Given information -
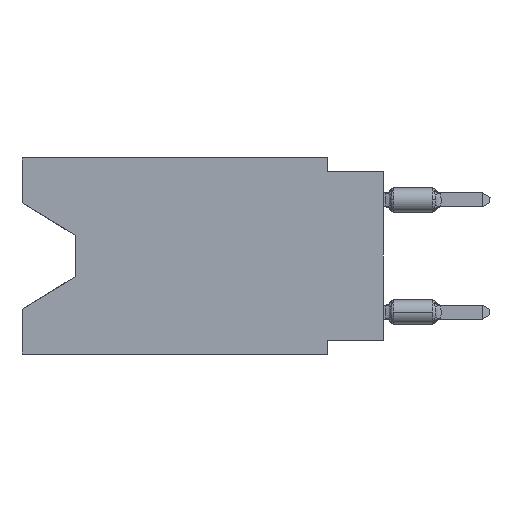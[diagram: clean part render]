
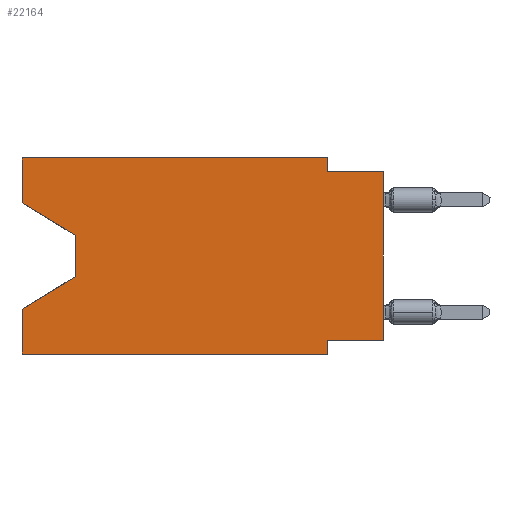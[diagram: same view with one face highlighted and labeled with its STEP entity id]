
A CAD part, left-side view. The second image highlights one B-rep face of the part: STEP entity #22164.
In plain terms, the highlighted planar face has unit normal (-1, 0, 0).
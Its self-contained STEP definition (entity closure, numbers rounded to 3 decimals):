
#17 = LINE ( 'NONE', #45380, #38077 ) ;
#124 = CARTESIAN_POINT ( 'NONE',  ( 0., 2.54, 0. ) ) ;
#561 = VECTOR ( 'NONE', #49170, 1000. ) ;
#1165 = LINE ( 'NONE', #55673, #28558 ) ;
#1824 = DIRECTION ( 'NONE',  ( 0., 0., 1. ) ) ;
#5075 = CARTESIAN_POINT ( 'NONE',  ( 0., 16.383, 0. ) ) ;
#6134 = LINE ( 'NONE', #40726, #55344 ) ;
#7775 = VERTEX_POINT ( 'NONE', #47970 ) ;
#10757 = CARTESIAN_POINT ( 'NONE',  ( 0., 16.383, -2.038 ) ) ;
#11081 = DIRECTION ( 'NONE',  ( 0., -0.855, -0.519 ) ) ;
#12944 = EDGE_CURVE ( 'NONE', #27041, #17736, #29568, .T. ) ;
#13185 = CARTESIAN_POINT ( 'NONE',  ( 0., 0., -8.255 ) ) ;
#14233 = ORIENTED_EDGE ( 'NONE', *, *, #45882, .T. ) ;
#14751 = VECTOR ( 'NONE', #30499, 1000. ) ;
#15170 = ORIENTED_EDGE ( 'NONE', *, *, #44887, .F. ) ;
#15274 = VECTOR ( 'NONE', #57354, 1000. ) ;
#15428 = VECTOR ( 'NONE', #11081, 1000. ) ;
#16715 = CARTESIAN_POINT ( 'NONE',  ( 0., 16.383, -8.89 ) ) ;
#16859 = LINE ( 'NONE', #62578, #15274 ) ;
#17223 = ORIENTED_EDGE ( 'NONE', *, *, #36226, .T. ) ;
#17736 = VERTEX_POINT ( 'NONE', #34444 ) ;
#18023 = DIRECTION ( 'NONE',  ( 0., 0., -1. ) ) ;
#21519 = CARTESIAN_POINT ( 'NONE',  ( 0., 16.383, -8.89 ) ) ;
#21604 = EDGE_CURVE ( 'NONE', #54706, #35481, #6134, .T. ) ;
#21769 = CARTESIAN_POINT ( 'NONE',  ( 0., 16.383, 0. ) ) ;
#22119 = ORIENTED_EDGE ( 'NONE', *, *, #32358, .F. ) ;
#22164 = ADVANCED_FACE ( 'NONE', ( #49782 ), #53711, .F. ) ;
#22611 = CARTESIAN_POINT ( 'NONE',  ( 0., 0., 0. ) ) ;
#24326 = DIRECTION ( 'NONE',  ( 0., 0., -1. ) ) ;
#24473 = ORIENTED_EDGE ( 'NONE', *, *, #46283, .T. ) ;
#26075 = ORIENTED_EDGE ( 'NONE', *, *, #37333, .T. ) ;
#27041 = VERTEX_POINT ( 'NONE', #21769 ) ;
#27993 = VERTEX_POINT ( 'NONE', #33322 ) ;
#28335 = EDGE_CURVE ( 'NONE', #27993, #33222, #16859, .T. ) ;
#28558 = VECTOR ( 'NONE', #1824, 1000. ) ;
#28678 = CARTESIAN_POINT ( 'NONE',  ( 0., 2.54, -8.255 ) ) ;
#29568 = LINE ( 'NONE', #38431, #561 ) ;
#29742 = DIRECTION ( 'NONE',  ( 0., 0., -1. ) ) ;
#30499 = DIRECTION ( 'NONE',  ( 0., 0., 1. ) ) ;
#30590 = DIRECTION ( 'NONE',  ( 0., 0.855, -0.519 ) ) ;
#31133 = EDGE_CURVE ( 'NONE', #34967, #35481, #56286, .T. ) ;
#32358 = EDGE_CURVE ( 'NONE', #39588, #27041, #1165, .T. ) ;
#33222 = VERTEX_POINT ( 'NONE', #45422 ) ;
#33322 = CARTESIAN_POINT ( 'NONE',  ( 0., 2.54, -0.635 ) ) ;
#34012 = EDGE_CURVE ( 'NONE', #34589, #59886, #17, .T. ) ;
#34444 = CARTESIAN_POINT ( 'NONE',  ( 0., 2.54, 0. ) ) ;
#34447 = DIRECTION ( 'NONE',  ( 1., 0., 0. ) ) ;
#34589 = VERTEX_POINT ( 'NONE', #13185 ) ;
#34967 = VERTEX_POINT ( 'NONE', #16715 ) ;
#35481 = VERTEX_POINT ( 'NONE', #47967 ) ;
#35844 = ORIENTED_EDGE ( 'NONE', *, *, #12944, .F. ) ;
#35895 = LINE ( 'NONE', #10757, #15428 ) ;
#36213 = VECTOR ( 'NONE', #61366, 1000. ) ;
#36226 = EDGE_CURVE ( 'NONE', #34967, #44186, #51219, .T. ) ;
#37333 = EDGE_CURVE ( 'NONE', #39588, #7775, #35895, .T. ) ;
#38077 = VECTOR ( 'NONE', #49953, 1000. ) ;
#38431 = CARTESIAN_POINT ( 'NONE',  ( 0., 16.383, 0. ) ) ;
#39562 = CARTESIAN_POINT ( 'NONE',  ( 0., 13.97, -3.505 ) ) ;
#39588 = VERTEX_POINT ( 'NONE', #40594 ) ;
#40594 = CARTESIAN_POINT ( 'NONE',  ( 0., 16.383, -2.038 ) ) ;
#40726 = CARTESIAN_POINT ( 'NONE',  ( 0., 13.97, -5.385 ) ) ;
#42831 = LINE ( 'NONE', #62758, #47877 ) ;
#43887 = LINE ( 'NONE', #124, #64406 ) ;
#44186 = VERTEX_POINT ( 'NONE', #44602 ) ;
#44452 = LINE ( 'NONE', #39562, #63229 ) ;
#44602 = CARTESIAN_POINT ( 'NONE',  ( 0., 2.54, -8.89 ) ) ;
#44887 = EDGE_CURVE ( 'NONE', #59886, #44186, #42831, .T. ) ;
#45380 = CARTESIAN_POINT ( 'NONE',  ( 0., 0., -8.255 ) ) ;
#45422 = CARTESIAN_POINT ( 'NONE',  ( 0., 0., -0.635 ) ) ;
#45882 = EDGE_CURVE ( 'NONE', #34589, #33222, #46452, .T. ) ;
#46283 = EDGE_CURVE ( 'NONE', #7775, #54706, #44452, .T. ) ;
#46452 = LINE ( 'NONE', #22611, #50633 ) ;
#47570 = ORIENTED_EDGE ( 'NONE', *, *, #34012, .F. ) ;
#47877 = VECTOR ( 'NONE', #18023, 1000. ) ;
#47967 = CARTESIAN_POINT ( 'NONE',  ( 0., 16.383, -6.852 ) ) ;
#47970 = CARTESIAN_POINT ( 'NONE',  ( 0., 13.97, -3.505 ) ) ;
#49170 = DIRECTION ( 'NONE',  ( 0., -1., 0. ) ) ;
#49581 = ORIENTED_EDGE ( 'NONE', *, *, #61938, .F. ) ;
#49782 = FACE_OUTER_BOUND ( 'NONE', #50993, .T. ) ;
#49953 = DIRECTION ( 'NONE',  ( 0., 1., 0. ) ) ;
#50633 = VECTOR ( 'NONE', #51347, 1000. ) ;
#50993 = EDGE_LOOP ( 'NONE', ( #26075, #24473, #55355, #60691, #17223, #15170, #47570, #14233, #55448, #49581, #35844, #22119 ) ) ;
#51219 = LINE ( 'NONE', #21519, #36213 ) ;
#51347 = DIRECTION ( 'NONE',  ( 0., 0., 1. ) ) ;
#53711 = PLANE ( 'NONE',  #57556 ) ;
#54706 = VERTEX_POINT ( 'NONE', #63420 ) ;
#55344 = VECTOR ( 'NONE', #30590, 1000. ) ;
#55355 = ORIENTED_EDGE ( 'NONE', *, *, #21604, .T. ) ;
#55448 = ORIENTED_EDGE ( 'NONE', *, *, #28335, .F. ) ;
#55673 = CARTESIAN_POINT ( 'NONE',  ( 0., 16.383, 0. ) ) ;
#56286 = LINE ( 'NONE', #60558, #14751 ) ;
#57354 = DIRECTION ( 'NONE',  ( 0., -1., 0. ) ) ;
#57556 = AXIS2_PLACEMENT_3D ( 'NONE', #5075, #34447, #24326 ) ;
#59886 = VERTEX_POINT ( 'NONE', #28678 ) ;
#60558 = CARTESIAN_POINT ( 'NONE',  ( 0., 16.383, 0. ) ) ;
#60691 = ORIENTED_EDGE ( 'NONE', *, *, #31133, .F. ) ;
#61366 = DIRECTION ( 'NONE',  ( 0., -1., 0. ) ) ;
#61938 = EDGE_CURVE ( 'NONE', #17736, #27993, #43887, .T. ) ;
#62578 = CARTESIAN_POINT ( 'NONE',  ( 0., 0., -0.635 ) ) ;
#62758 = CARTESIAN_POINT ( 'NONE',  ( 0., 2.54, -8.89 ) ) ;
#63229 = VECTOR ( 'NONE', #29742, 1000. ) ;
#63420 = CARTESIAN_POINT ( 'NONE',  ( 0., 13.97, -5.385 ) ) ;
#63819 = DIRECTION ( 'NONE',  ( 0., 0., -1. ) ) ;
#64406 = VECTOR ( 'NONE', #63819, 1000. ) ;

What is needed -
Write down exactly the span of lines above from the one containing "#34444 = CARTESIAN_POINT" to the one containing "#47877 = VECTOR ( 'NONE', #18023, 1000. ) ;", both ends included.

Exercise response -
#34444 = CARTESIAN_POINT ( 'NONE',  ( 0., 2.54, 0. ) ) ;
#34447 = DIRECTION ( 'NONE',  ( 1., 0., 0. ) ) ;
#34589 = VERTEX_POINT ( 'NONE', #13185 ) ;
#34967 = VERTEX_POINT ( 'NONE', #16715 ) ;
#35481 = VERTEX_POINT ( 'NONE', #47967 ) ;
#35844 = ORIENTED_EDGE ( 'NONE', *, *, #12944, .F. ) ;
#35895 = LINE ( 'NONE', #10757, #15428 ) ;
#36213 = VECTOR ( 'NONE', #61366, 1000. ) ;
#36226 = EDGE_CURVE ( 'NONE', #34967, #44186, #51219, .T. ) ;
#37333 = EDGE_CURVE ( 'NONE', #39588, #7775, #35895, .T. ) ;
#38077 = VECTOR ( 'NONE', #49953, 1000. ) ;
#38431 = CARTESIAN_POINT ( 'NONE',  ( 0., 16.383, 0. ) ) ;
#39562 = CARTESIAN_POINT ( 'NONE',  ( 0., 13.97, -3.505 ) ) ;
#39588 = VERTEX_POINT ( 'NONE', #40594 ) ;
#40594 = CARTESIAN_POINT ( 'NONE',  ( 0., 16.383, -2.038 ) ) ;
#40726 = CARTESIAN_POINT ( 'NONE',  ( 0., 13.97, -5.385 ) ) ;
#42831 = LINE ( 'NONE', #62758, #47877 ) ;
#43887 = LINE ( 'NONE', #124, #64406 ) ;
#44186 = VERTEX_POINT ( 'NONE', #44602 ) ;
#44452 = LINE ( 'NONE', #39562, #63229 ) ;
#44602 = CARTESIAN_POINT ( 'NONE',  ( 0., 2.54, -8.89 ) ) ;
#44887 = EDGE_CURVE ( 'NONE', #59886, #44186, #42831, .T. ) ;
#45380 = CARTESIAN_POINT ( 'NONE',  ( 0., 0., -8.255 ) ) ;
#45422 = CARTESIAN_POINT ( 'NONE',  ( 0., 0., -0.635 ) ) ;
#45882 = EDGE_CURVE ( 'NONE', #34589, #33222, #46452, .T. ) ;
#46283 = EDGE_CURVE ( 'NONE', #7775, #54706, #44452, .T. ) ;
#46452 = LINE ( 'NONE', #22611, #50633 ) ;
#47570 = ORIENTED_EDGE ( 'NONE', *, *, #34012, .F. ) ;
#47877 = VECTOR ( 'NONE', #18023, 1000. ) ;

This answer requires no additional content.